→ **What the task requires**: Repeat all the records exactly, omitting pictures.
======== Records supplied
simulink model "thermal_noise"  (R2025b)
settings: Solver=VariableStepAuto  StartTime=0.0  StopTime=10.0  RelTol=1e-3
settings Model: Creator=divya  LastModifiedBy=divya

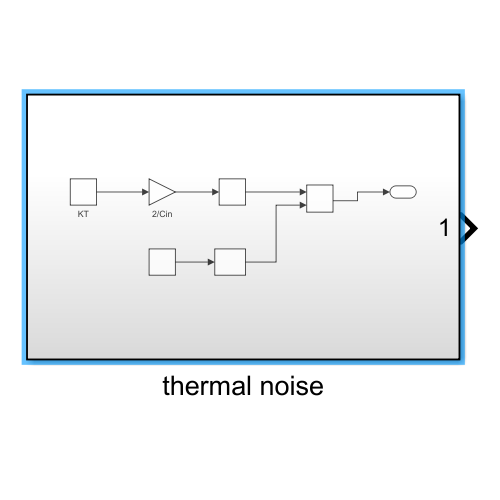
[thumbnail: Simulink's stored preview of the top-level diagram]
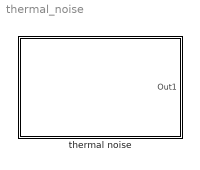
== system thermal_noise ==
  thermal noise : Subsystem

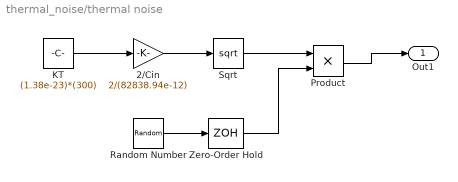
== system thermal_noise/thermal noise ==
  2/Cin : Gain  Gain=2/(82838.94e-12)
  KT : Constant  Value=(1.38e-23)*(300)
  Product : Product
  Random Number : RandomNumber  SampleTime=0.1
  Sqrt : Sqrt
  Zero-Order Hold : ZeroOrderHold  SampleTime=1/(2e3*128)
  Out1 : Outport
  wires:
  Product/1 -> Out1/1
  Random Number/1 -> Zero-Order Hold/1
  KT/1 -> 2/Cin/1
  Zero-Order Hold/1 -> Product/2
  2/Cin/1 -> Sqrt/1
  Sqrt/1 -> Product/1
================
→ **Answer section**:
simulink model "thermal_noise"  (R2025b)
settings: Solver=VariableStepAuto  StartTime=0.0  StopTime=10.0  RelTol=1e-3
settings Model: Creator=divya  LastModifiedBy=divya

[thumbnail: Simulink's stored preview of the top-level diagram]
== system thermal_noise ==
  thermal noise : Subsystem

== system thermal_noise/thermal noise ==
  2/Cin : Gain  Gain=2/(82838.94e-12)
  KT : Constant  Value=(1.38e-23)*(300)
  Product : Product
  Random Number : RandomNumber  SampleTime=0.1
  Sqrt : Sqrt
  Zero-Order Hold : ZeroOrderHold  SampleTime=1/(2e3*128)
  Out1 : Outport
  wires:
  Product/1 -> Out1/1
  Random Number/1 -> Zero-Order Hold/1
  KT/1 -> 2/Cin/1
  Zero-Order Hold/1 -> Product/2
  2/Cin/1 -> Sqrt/1
  Sqrt/1 -> Product/1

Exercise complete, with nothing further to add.